- YOUR TASK
Go to the line containing "# Model space of a CAD drawing. Extents: x" in the records below and print it and every following line exactly, on through the line containing "(-441.9417382415922, 441.9417382415922), [])])", then stop.

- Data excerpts
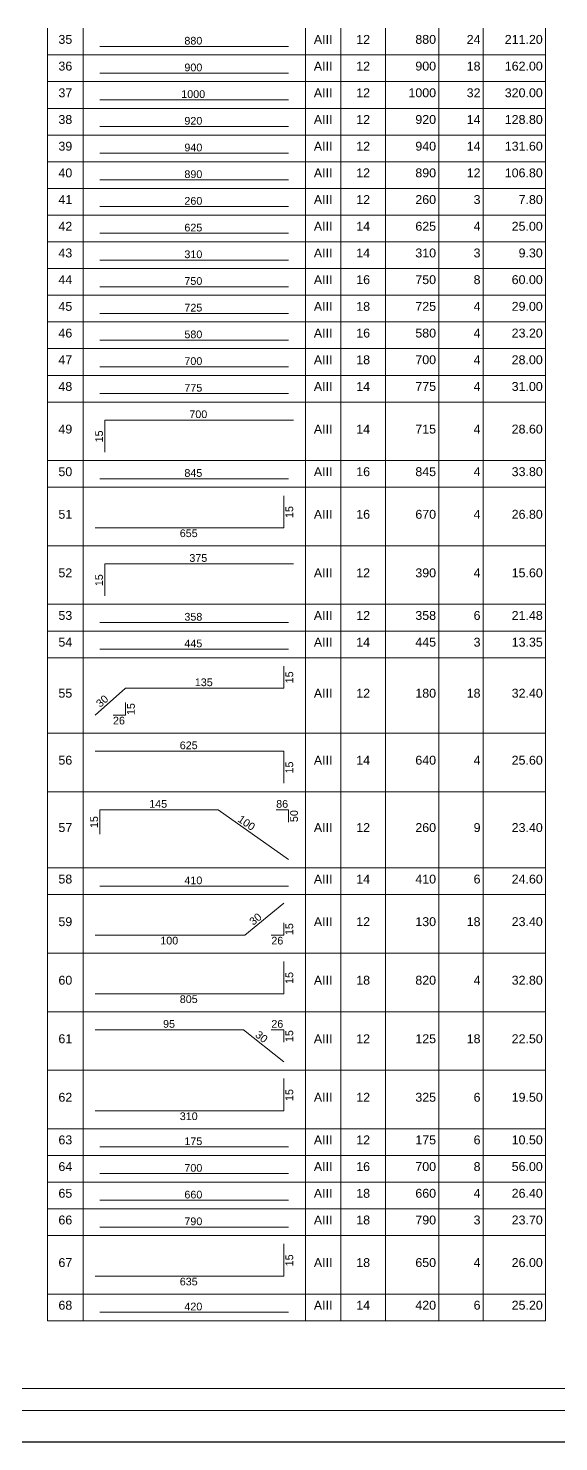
# Model space of a CAD drawing. Header units: millimetres. Extents: x -159 to 6378, y -1181 to 2393.
# Drawn here: x 4668 to 5265, y -1181 to 407 of the extents above; entities that cross this region are included whole.
import ezdxf
from ezdxf.enums import TextEntityAlignment as Align

# ---------------------------------------------------------------- set-up
doc = ezdxf.new("R2010")
doc.units = ezdxf.units.MM
for name, color, linetype, lineweight in [('0_txt', 7, 'Continuous', 18), ('1K_arm_koti', 5, 'Continuous', 15), ('TABLICA', 40, 'Continuous', 30)]:
    doc.layers.add(name, color=color, linetype=linetype, lineweight=lineweight)
doc.styles.add('A4TS14', font='ARIAL.TTF', dxfattribs={"height": 10})
doc.styles.add('A4TS15', font='ARIAL.TTF', dxfattribs={"height": 10})

msp = doc.modelspace()

# ---------------------------------------------------------------- linework, layer by layer
at = {"layer": '0_txt'}
msp.add_lwpolyline([(-73.698, -1146.449), (6343.421, -1146.449), (6343.421, 1783.551), (-73.698, 1783.551), (-73.698, -1146.449)], dxfattribs=at)
msp.add_lwpolyline([(-48.698, -1121.449), (6318.421, -1121.449), (6318.421, 1758.551), (-48.698, 1758.551)], close=True, dxfattribs=at)
at = {"layer": '1K_arm_koti', "color": 7}
for p, q in [((4689.653, 406.86), (4689.653, 376.86)), ((4729.653, 406.86), (4729.653, 376.86)), ((4979.653, 406.86), (4979.653, 376.86)), ((5019.653, 406.86), (5019.653, 376.86)), ((5069.653, 406.86), (5069.653, 376.86)), ((5129.653, 406.86), (5129.653, 376.86)), ((5179.653, 406.86), (5179.653, 376.86)), ((5249.653, 406.86), (5249.653, 376.86)), ((4689.653, 376.86), (5249.653, 376.86)), ((4689.653, 376.86), (4689.653, 346.86)), ((4729.653, 376.86), (4729.653, 346.86)), ((4979.653, 376.86), (4979.653, 346.86)), ((5019.653, 376.86), (5019.653, 346.86)), ((5069.653, 376.86), (5069.653, 346.86)), ((5129.653, 376.86), (5129.653, 346.86)), ((5179.653, 376.86), (5179.653, 346.86)), ((5249.653, 376.86), (5249.653, 346.86)), ((4689.653, 346.86), (5249.653, 346.86)), ((4689.653, 346.86), (4689.653, 316.86)), ((4729.653, 346.86), (4729.653, 316.86)), ((4979.653, 346.86), (4979.653, 316.86)), ((5019.653, 346.86), (5019.653, 316.86)), ((5069.653, 346.86), (5069.653, 316.86)), ((5129.653, 346.86), (5129.653, 316.86)), ((5179.653, 346.86), (5179.653, 316.86)), ((5249.653, 346.86), (5249.653, 316.86)), ((4689.653, 316.86), (5249.653, 316.86)), ((4689.653, 316.86), (4689.653, 286.86)), ((4729.653, 316.86), (4729.653, 286.86)), ((4979.653, 316.86), (4979.653, 286.86)), ((5019.653, 316.86), (5019.653, 286.86)), ((5069.653, 316.86), (5069.653, 286.86)), ((5129.653, 316.86), (5129.653, 286.86)), ((5179.653, 316.86), (5179.653, 286.86)), ((5249.653, 316.86), (5249.653, 286.86)), ((4689.653, 286.86), (5249.653, 286.86)), ((4689.653, 286.86), (4689.653, 256.86)), ((4729.653, 286.86), (4729.653, 256.86)), ((4979.653, 286.86), (4979.653, 256.86)), ((5019.653, 286.86), (5019.653, 256.86)), ((5069.653, 286.86), (5069.653, 256.86)), ((5129.653, 286.86), (5129.653, 256.86)), ((5179.653, 286.86), (5179.653, 256.86)), ((5249.653, 286.86), (5249.653, 256.86)), ((4689.653, 256.86), (5249.653, 256.86)), ((4689.653, 256.86), (4689.653, 226.86)), ((4729.653, 256.86), (4729.653, 226.86)), ((4979.653, 256.86), (4979.653, 226.86)), ((5019.653, 256.86), (5019.653, 226.86)), ((5069.653, 256.86), (5069.653, 226.86)), ((5129.653, 256.86), (5129.653, 226.86)), ((5179.653, 256.86), (5179.653, 226.86)), ((5249.653, 256.86), (5249.653, 226.86)), ((4689.653, 226.86), (5249.653, 226.86)), ((4689.653, 226.86), (4689.653, 196.86)), ((4729.653, 226.86), (4729.653, 196.86)), ((4979.653, 226.86), (4979.653, 196.86)), ((5019.653, 226.86), (5019.653, 196.86)), ((5069.653, 226.86), (5069.653, 196.86)), ((5129.653, 226.86), (5129.653, 196.86)), ((5179.653, 226.86), (5179.653, 196.86)), ((5249.653, 226.86), (5249.653, 196.86)), ((4689.653, 196.86), (5249.653, 196.86)), ((4689.653, 196.86), (4689.653, 166.86)), ((4729.653, 196.86), (4729.653, 166.86)), ((4979.653, 196.86), (4979.653, 166.86)), ((5019.653, 196.86), (5019.653, 166.86)), ((5069.653, 196.86), (5069.653, 166.86)), ((5129.653, 196.86), (5129.653, 166.86)), ((5179.653, 196.86), (5179.653, 166.86)), ((5249.653, 196.86), (5249.653, 166.86)), ((4689.653, 166.86), (5249.653, 166.86)), ((4689.653, 166.86), (4689.653, 136.86)), ((4729.653, 166.86), (4729.653, 136.86)), ((4979.653, 166.86), (4979.653, 136.86)), ((5019.653, 166.86), (5019.653, 136.86)), ((5069.653, 166.86), (5069.653, 136.86)), ((5129.653, 166.86), (5129.653, 136.86)), ((5179.653, 166.86), (5179.653, 136.86)), ((5249.653, 166.86), (5249.653, 136.86)), ((4689.653, 136.86), (5249.653, 136.86)), ((4689.653, 136.86), (4689.653, 106.86)), ((4729.653, 136.86), (4729.653, 106.86)), ((4979.653, 136.86), (4979.653, 106.86)), ((5019.653, 136.86), (5019.653, 106.86)), ((5069.653, 136.86), (5069.653, 106.86)), ((5129.653, 136.86), (5129.653, 106.86)), ((5179.653, 136.86), (5179.653, 106.86)), ((5249.653, 136.86), (5249.653, 106.86)), ((4689.653, 106.86), (5249.653, 106.86)), ((4689.653, 106.86), (4689.653, 76.86)), ((4729.653, 106.86), (4729.653, 76.86)), ((4979.653, 106.86), (4979.653, 76.86)), ((5019.653, 106.86), (5019.653, 76.86)), ((5069.653, 106.86), (5069.653, 76.86)), ((5129.653, 106.86), (5129.653, 76.86)), ((5179.653, 106.86), (5179.653, 76.86)), ((5249.653, 106.86), (5249.653, 76.86)), ((4689.653, 76.86), (5249.653, 76.86)), ((4689.653, 76.86), (4689.653, 46.86)), ((4729.653, 76.86), (4729.653, 46.86)), ((4979.653, 76.86), (4979.653, 46.86)), ((5019.653, 76.86), (5019.653, 46.86)), ((5069.653, 76.86), (5069.653, 46.86)), ((5129.653, 76.86), (5129.653, 46.86)), ((5179.653, 76.86), (5179.653, 46.86)), ((5249.653, 76.86), (5249.653, 46.86)), ((4689.653, 46.86), (5249.653, 46.86)), ((4689.653, 46.86), (4689.653, 16.86)), ((4729.653, 46.86), (4729.653, 16.86)), ((4979.653, 46.86), (4979.653, 16.86)), ((5019.653, 46.86), (5019.653, 16.86)), ((5069.653, 46.86), (5069.653, 16.86)), ((5129.653, 46.86), (5129.653, 16.86)), ((5179.653, 46.86), (5179.653, 16.86)), ((5249.653, 46.86), (5249.653, 16.86)), ((4689.653, 16.86), (5249.653, 16.86)), ((4689.653, 16.86), (4689.653, -13.14)), ((4729.653, 16.86), (4729.653, -13.14)), ((4979.653, 16.86), (4979.653, -13.14)), ((5019.653, 16.86), (5019.653, -13.14)), ((5069.653, 16.86), (5069.653, -13.14)), ((5129.653, 16.86), (5129.653, -13.14)), ((5179.653, 16.86), (5179.653, -13.14)), ((5249.653, 16.86), (5249.653, -13.14)), ((4689.653, -13.14), (5249.653, -13.14)), ((4689.653, -13.14), (4689.653, -78.914)), ((4729.653, -13.14), (4729.653, -78.914)), ((4979.653, -13.14), (4979.653, -78.914)), ((5019.653, -13.14), (5019.653, -78.914)), ((5069.653, -13.14), (5069.653, -78.914)), ((5129.653, -13.14), (5129.653, -78.914)), ((5179.653, -13.14), (5179.653, -78.914)), ((5249.653, -13.14), (5249.653, -78.914)), ((4689.653, -78.914), (5249.653, -78.914)), ((4689.653, -78.914), (4689.653, -108.914)), ((4729.653, -78.914), (4729.653, -108.914)), ((4979.653, -78.914), (4979.653, -108.914)), ((5019.653, -78.914), (5019.653, -108.914)), ((5069.653, -78.914), (5069.653, -108.914)), ((5129.653, -78.914), (5129.653, -108.914)), ((5179.653, -78.914), (5179.653, -108.914)), ((5249.653, -78.914), (5249.653, -108.914)), ((4689.653, -108.914), (5249.653, -108.914)), ((4689.653, -108.914), (4689.653, -174.689)), ((4729.653, -108.914), (4729.653, -174.689)), ((4979.653, -108.914), (4979.653, -174.689)), ((5019.653, -108.914), (5019.653, -174.689)), ((5069.653, -108.914), (5069.653, -174.689)), ((5129.653, -108.914), (5129.653, -174.689)), ((5179.653, -108.914), (5179.653, -174.689)), ((5249.653, -108.914), (5249.653, -174.689)), ((4689.653, -174.689), (5249.653, -174.689)), ((4689.653, -174.689), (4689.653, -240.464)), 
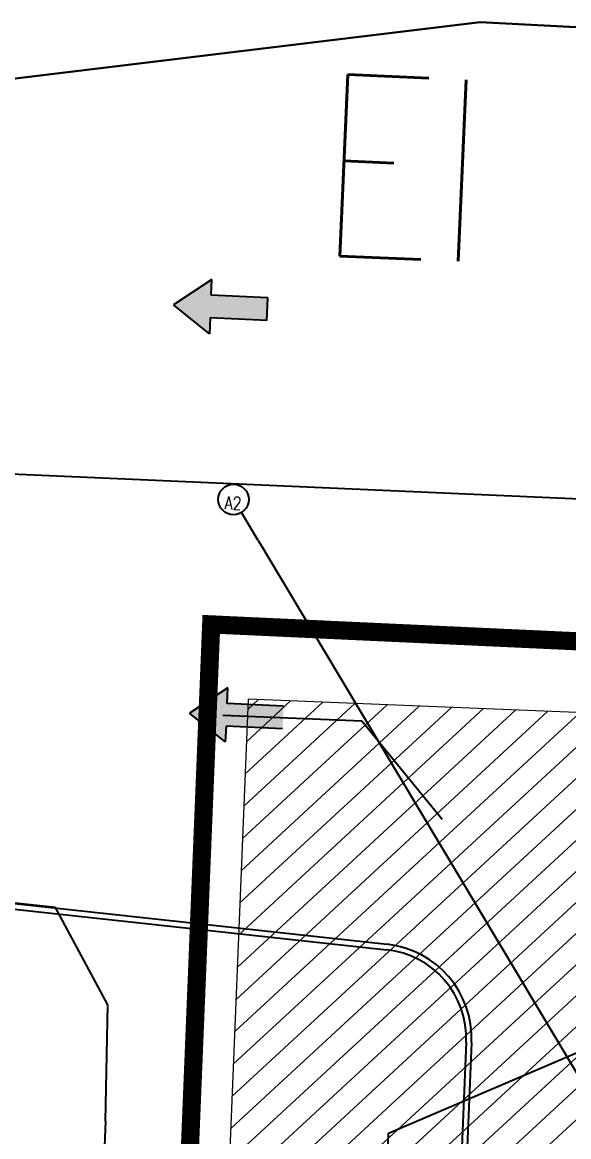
# Model space of a CAD drawing. Extents: x -678889171 to 586587, y -792238163 to 335485.
# Drawn here: x -678799404 to -678784383, y -791928249 to -791897599 of the extents above; entities that cross this region are included whole.
import ezdxf
from ezdxf.enums import TextEntityAlignment as Align

# ---------------------------------------------------------------- set-up
doc = ezdxf.new("R2010")
doc.units = 0
doc.header["$MEASUREMENT"] = 0
doc.layers.get('0').update_dxf_attribs({"color": 8})
for name, color, linetype in [('A-FLOR-PATT', 252, 'Continuous'), ('A-SITE-PATT', 252, 'Continuous'), ('A-WALL', 252, 'Continuous'), ('XR-Axis$0$A-GRID-LINE-OUT', 252, 'Continuous')]:
    doc.layers.add(name, color=color, linetype=linetype)
doc.layers.add('BASEMENT3 LAYOUT$0$A-TABL-TEXT', color=252, linetype='Continuous', lineweight=30)
doc.layers.add('BASEMENT3 LAYOUT$0$HATCH2', color=252, linetype='Continuous', lineweight=15)
doc.styles.add('Ground floor Towers$0$$Bas01-Rname$0$EN-SC', font='swissc.ttf')
doc.styles.add('Ground floor Towers$0$$Bas01-Rname$0$EN-SCL', font='swisscl.ttf')
doc.styles.add('Ground floor Towers$0$04-Ground Floor$0$V2-lower ground$0$LEVEL  FOR LICENSE LOWER GR$0$$LG- LEVEL$0$AR-SR', font='sarb.shx')
doc.styles.add('MOD-E-TEXT', font='romans.shx', dxfattribs={"width": 0.8, "height": 1.8})
doc.styles.add('XR-Axis$0$MEDAD-E-TEXT', font='romans.shx', dxfattribs={"width": 0.8, "height": 1.8})

# ---------------------------------------------------------------- blocks, each defined once
blk = doc.blocks.new('A$C61C61320')
at = {"layer": 'BASEMENT3 LAYOUT$0$HATCH2'}
h = blk.add_hatch(dxfattribs=at)
h.set_pattern_fill('ANSI31', color=256, scale=5000, style=0)
h.set_pattern_definition([(45, (1320016.062358054, 343948.7931753235), (-441.9417382415922, 441.9417382415922), [])])
h.paths.add_polyline_path([(11086.00013759569, 20764.88754983409), (-87874.57371154218, 20764.88754983409), (-87874.57371154218, -14411.92520058152), (11086.00013759569, -14411.92520058152)])
at = {"layer": 'BASEMENT3 LAYOUT$0$A-TABL-TEXT', "const_width": 500}
blk.add_lwpolyline([(-88972.05171104963, 22775.97554144054), (13087.40149203665, 22211.71815820993), (12977.94017466274, -133203.5437077869), (15397.77637988678, -244279.008176838), (7656.957292334409, -250604.5168011433), (-62676.49176812707, -239864.7054035134), (-80695.52998699364, -235653.5139011407), (-118847.6494075342, -234162.0357504327), (-129624.8318891085, -222084.4801378573), (-129624.8318891085, -153058.7582305309), (-104567.4960696057, -152628.6520064768), (-88972.05156734609, -151257.049707202)], close=True, dxfattribs=at)
at = {"layer": 'BASEMENT3 LAYOUT$0$HATCH2'}
blk.add_lwpolyline([(11086.00013759569, 20764.88754983409), (-87874.57371154218, 20764.88754983409), (-87874.57371154218, -14411.92520058152), (11086.00013759569, -14411.92520058152)], close=True, dxfattribs=at)
blk = doc.blocks.new('2')
at = {"layer": 'BASEMENT3 LAYOUT$0$A-TABL-TEXT', "const_width": 500}
blk.add_lwpolyline([(28948.80459054373, 254973.3362460719), (131008.25779363, 254409.0788628413), (130898.7964762561, 98993.81699684449), (133318.6326814801, -12081.64747220662), (125577.8135939278, -18407.15609651199), (55244.36453346629, -7667.34469888208), (37225.32631459972, -3456.153196509345), (-926.7931059408002, -1964.675045801327), (-11703.97558751516, 10112.88056677405), (-11703.97558751516, 79138.60247410042), (13353.36023198767, 79568.70869815454), (28948.80473424727, 80940.3109974293)], close=True, dxfattribs=at)
blk = doc.blocks.new('*U154')
blk.add_circle((0, 0), 4.2)
at = {"layer": 'XR-Axis$0$A-GRID-LINE-OUT'}
blk.add_line((7.273059357486465, -11.01556206384761), (2.314155250109329, -3.504951565769696), dxfattribs=at)
at = {"style": 'XR-Axis$0$MEDAD-E-TEXT', "width": 0.8, "flags": 4}
for height, p in [(1.799999999999999, (-0.0692522248746208, 2.544295698152595)), (3.5, (-0.0692522248746208, -0.97607523254144))]:
    blk.add_attdef('00', text='', height=height, dxfattribs=at).set_placement(p, align=Align.MIDDLE_CENTER)
blk = doc.blocks.new('GR')
at = {"layer": 'A-FLOR-PATT'}
h = blk.add_hatch(color=256, dxfattribs=at)
h.dxf.hatch_style = 1
h.paths.add_polyline_path([(-1519.438637644053, 279613.7152374126), (-1521.04786029458, 279179.1660851128), (33.56237491965294, 279173.409051735), (31.25761535763741, 278551.0394132696), (-1523.352619826794, 278556.7964466475), (-1524.961842447519, 278122.2472943775), (-2543.705884099007, 278871.7641060837)])
h = blk.add_hatch(color=256, dxfattribs=at)
h.dxf.hatch_style = 1
h.paths.add_polyline_path([(-624.1373117760813, 268414.1626019923), (-627.5807751829852, 267979.6241135872), (926.9913097767567, 267967.3050390427), (922.0595154068724, 267344.9506735782), (-632.5125695121824, 267357.2697481409), (-635.9560329054948, 266922.7312597419), (-1651.527248561382, 267676.5415669903)])
for p, q in [((5560.78285821568, 286982.1590512926), (-15241.7839346173, 283609.5428814139)), ((-15241.7839346173, 283609.5428814139), (5560.78285821568, 286982.1590512926)), ((41067.39320376888, 286558.8131297306), (5560.78285821568, 286982.1590512926)), ((5560.78285821568, 286982.1590512926), (41067.39320376888, 286558.8131297306)), ((-1519.438637644053, 279613.7152374126, 306777.9999999569), (-2543.705884099007, 278871.7641060837, 306777.9999999569)), ((-1521.04786029458, 279179.1660851128, 306777.9999999569), (-1519.438637644053, 279613.7152374126, 306777.9999999569)), ((33.56237491965294, 279173.409051735, 306777.9999999569), (-1521.04786029458, 279179.1660851128, 306777.9999999569)), ((31.25761535763741, 278551.0394132696, 306777.9999999569), (33.56237491965294, 279173.409051735, 306777.9999999569)), ((-1524.961842447519, 278122.2472943775, 306777.9999999569), (-2543.705884099007, 278871.7641060837, 306777.9999999569)), ((-1523.352619826794, 278556.7964466475, 306777.9999999569), (-1524.961842447519, 278122.2472943775, 306777.9999999569)), ((31.25761535763741, 278551.0394132696, 306777.9999999569), (-1523.352619826794, 278556.7964466475, 306777.9999999569)), ((-36715.01679314248, 274156.8960700741), (141769.4030751762, 273524.707996313)), ((47.09330582199618, 272491.8610852635), (245.3918416721281, 272191.5239476904)), ((49525, 196905), (245.3918416806846, 272191.5239476775)), ((-624.1373117760813, 268414.1626019923, 306777.9999999569), (-1651.527248561382, 267676.5415669903, 306777.9999999569)), ((-627.5807751829852, 267979.6241135872, 306777.9999999569), (-624.1373117760813, 268414.1626019923, 306777.9999999569)), ((926.9913097767567, 267967.3050390427, 306777.9999999569), (-627.5807751829852, 267979.6241135872, 306777.9999999569)), ((-635.9560329054948, 266922.7312597419, 306777.9999999569), (-1651.527248561382, 267676.5415669903, 306777.9999999569)), ((-736.1822797596105, 267650.3196163763, 306777.9999999569), (3094.404428495793, 267650.3196163763, 306777.9999999569)), ((3094.404428495793, 267650.3196163763, 306777.9999999569), (5403.919225103018, 265037.2426888118, 306777.9999999569)), ((-632.5125695121824, 267357.2697481409, 306777.9999999569), (-635.9560329054948, 266922.7312597419, 306777.9999999569)), ((922.0595154068724, 267344.9506735782, 306777.9999999569), (-632.5125695121824, 267357.2697481409, 306777.9999999569)), ((-5115.503250021138, 262177.8667438425), (-26624.4621819715, 263623.6618671437)), ((-13973.49097722556, 262773.2854016572), (4040.13122516888, 261541.7656590792)), ((-13983.72199936557, 262623.6347211176), (4029.900203028868, 261392.1149785395)), ((-5115.503250021138, 262177.8667438425), (-7660.879962240462, 262329.2703511569)), ((-3568.958803075133, 259567.2966102421), (-5115.503250021138, 262177.8667438425)), ((-3568.958803075133, 259567.2966102421), (-5115.503250021138, 262177.8667438425)), ((-3505.522215138539, 256370.3123962845), (-3568.958803075133, 259567.2966102421)), ((-3505.522215138539, 256370.3123962845), (-3568.958803075133, 259567.2966102421)), ((4285.73937771246, 256354.3693902435), (10247.36302900226, 259194.2449932595)), ((4287.263117527589, 256355.6587855571), (10248.88678863016, 259195.5343468651)), ((6313.062955173926, 258939.8745598289), (6293.506709086563, 219140.9598198433)), ((6463.062837441568, 258939.5981095071), (6443.506727195374, 219140.9598198433)), ((-3505.522215138539, 256370.3123962845), (-2481.692313763895, 84127.40131058797)), ((5518.166476646962, 84174.95330901134), (4285.73937771246, 256354.3693902435)), ((5411.207674454898, 84113.37185683055), (4287.263117527589, 256355.6587855571))]:
    blk.add_line(p, q, dxfattribs=at)
for centre, radius, start, end in [((3863.075778141515, 258947.8012474732), 2600.000000000036, 359.8192284753871, 86.09523579971811), ((3863.06704218487, 258947.793114787), 2450.008709612211, 359.8148167526629, 86.09542665029537)]:
    blk.add_arc(centre, radius, start, end, dxfattribs=at)
ref = blk.add_blockref('*U154', (-680.2702583637438, 273593.5045739865), dxfattribs=dict(at, xscale=100, yscale=100, zscale=100))
ref.add_attrib('00', 'A2', dxfattribs={"layer": '0', "height": 353, "style": 'XR-Axis$0$MEDAD-E-TEXT', "width": 0.7999999999999999}).set_placement((-687.1954808511946, 273495.8970507323), align=Align.MIDDLE_CENTER)
at = {"layer": 'A-FLOR-PATT', "style": 'MOD-E-TEXT', "width": 0.8}
blk.add_text('El Mofatsheen Street', height=5000, rotation=359.7970603986705, dxfattribs=at).set_placement((1279.37607971557, 280402.9446014194))
blk.add_text('El Mofatsheen Street', height=5000, rotation=359.7970603986705, dxfattribs=at).set_placement((1279.37607971557, 280402.9446014194))
at = {"layer": 'A-FLOR-PATT', "style": 'Ground floor Towers$0$04-Ground Floor$0$V2-lower ground$0$LEVEL  FOR LICENSE LOWER GR$0$$LG- LEVEL$0$AR-SR', "flags": 12}
for tag, p in [('L', (30296.07288644527, 72859.53473235783)), ('P', (30237.50458115668, 72203.99769414036))]:
    blk.add_attdef(tag, text='', height=500, dxfattribs=at).set_placement(p, align=Align.RIGHT)
at = {"layer": 'A-FLOR-PATT'}
for tag, p, height, style in [('N', (85492.25876324323, 56633.4995742733), 250, 'Ground floor Towers$0$$Bas01-Rname$0$EN-SC'), ('N', (89389.48149106537, 56633.4995742733), 250, 'Ground floor Towers$0$$Bas01-Rname$0$EN-SC'), ('N', (94597.61363499537, 56633.4995742733), 250, 'Ground floor Towers$0$$Bas01-Rname$0$EN-SC'), ('AN', (85922.66280553787, 56313.08159666645), 200, 'Ground floor Towers$0$$Bas01-Rname$0$EN-SCL'), ('AN', (89819.88553336001, 56313.08159666645), 200, 'Ground floor Towers$0$$Bas01-Rname$0$EN-SCL'), ('AN', (95028.01767729002, 56313.08159666645), 200, 'Ground floor Towers$0$$Bas01-Rname$0$EN-SCL'), ('SN', (85299.47460008037, 56025.08594095582), 200, 'Ground floor Towers$0$$Bas01-Rname$0$EN-SCL'), ('F', (85927.04975899268, 56008.67972904726), 200, 'Ground floor Towers$0$$Bas01-Rname$0$EN-SCL'), ('SN', (89196.69732790251, 56025.08594095582), 200, 'Ground floor Towers$0$$Bas01-Rname$0$EN-SCL'), ('F', (89824.27248681482, 56008.67972904726), 200, 'Ground floor Towers$0$$Bas01-Rname$0$EN-SCL'), ('SN', (94404.82947183252, 56025.08594095582), 200, 'Ground floor Towers$0$$Bas01-Rname$0$EN-SCL'), ('F', (95032.40463074483, 56008.67972904726), 200, 'Ground floor Towers$0$$Bas01-Rname$0$EN-SCL')]:
    blk.add_attdef(tag, p, '', height=height, dxfattribs=dict(at, style=style))
at = {"layer": 'A-FLOR-PATT', "style": 'Ground floor Towers$0$$Bas01-Rname$0$EN-SCL', "width": 0.8}
for p in [(85305.16036184286, 56295.1433535593), (89202.383089665, 56295.1433535593), (94410.51523359501, 56295.1433535593)]:
    blk.add_attdef('FN', p, '', height=250, dxfattribs=at)

msp = doc.modelspace()

# ---------------------------------------------------------------- block references
at = {"layer": 'A-SITE-PATT', "rotation": 357.6731745000001}
for name, p in [('2', (-678833487.1858103, -792167746.3685482, -212772)), ('A$C61C61320', (-678706236.4347705, -791940527.995869, -212772))]:
    msp.add_blockref(name, p, dxfattribs=at)

# ---------------------------------------------------------------- next in the draw order: block references
at = {"layer": 'A-WALL', "rotation": 357.6731745000001}
msp.add_blockref('GR', (-678804025.0995113, -792184118.4910543, -212772), dxfattribs=at)

doc.saveas('drawing.dxf')

- RESULT
# Model space of a CAD drawing. Extents: x -678889171 to 586587, y -792238163 to 335485.
# Drawn here: x -678799404 to -678784383, y -791928249 to -791897599 of the extents above; entities that cross this region are included whole.
import ezdxf
from ezdxf.enums import TextEntityAlignment as Align

# ---------------------------------------------------------------- set-up
doc = ezdxf.new("R2010")
doc.units = 0
doc.header["$MEASUREMENT"] = 0
doc.layers.get('0').update_dxf_attribs({"color": 8})
for name, color, linetype in [('A-FLOR-PATT', 252, 'Continuous'), ('A-SITE-PATT', 252, 'Continuous'), ('A-WALL', 252, 'Continuous'), ('XR-Axis$0$A-GRID-LINE-OUT', 252, 'Continuous')]:
    doc.layers.add(name, color=color, linetype=linetype)
doc.layers.add('BASEMENT3 LAYOUT$0$A-TABL-TEXT', color=252, linetype='Continuous', lineweight=30)
doc.layers.add('BASEMENT3 LAYOUT$0$HATCH2', color=252, linetype='Continuous', lineweight=15)
doc.styles.add('Ground floor Towers$0$$Bas01-Rname$0$EN-SC', font='swissc.ttf')
doc.styles.add('Ground floor Towers$0$$Bas01-Rname$0$EN-SCL', font='swisscl.ttf')
doc.styles.add('Ground floor Towers$0$04-Ground Floor$0$V2-lower ground$0$LEVEL  FOR LICENSE LOWER GR$0$$LG- LEVEL$0$AR-SR', font='sarb.shx')
doc.styles.add('MOD-E-TEXT', font='romans.shx', dxfattribs={"width": 0.8, "height": 1.8})
doc.styles.add('XR-Axis$0$MEDAD-E-TEXT', font='romans.shx', dxfattribs={"width": 0.8, "height": 1.8})

# ---------------------------------------------------------------- blocks, each defined once
blk = doc.blocks.new('A$C61C61320')
at = {"layer": 'BASEMENT3 LAYOUT$0$HATCH2'}
h = blk.add_hatch(dxfattribs=at)
h.set_pattern_fill('ANSI31', color=256, scale=5000, style=0)
h.set_pattern_definition([(45, (1320016.062358054, 343948.7931753235), (-441.9417382415922, 441.9417382415922), [])])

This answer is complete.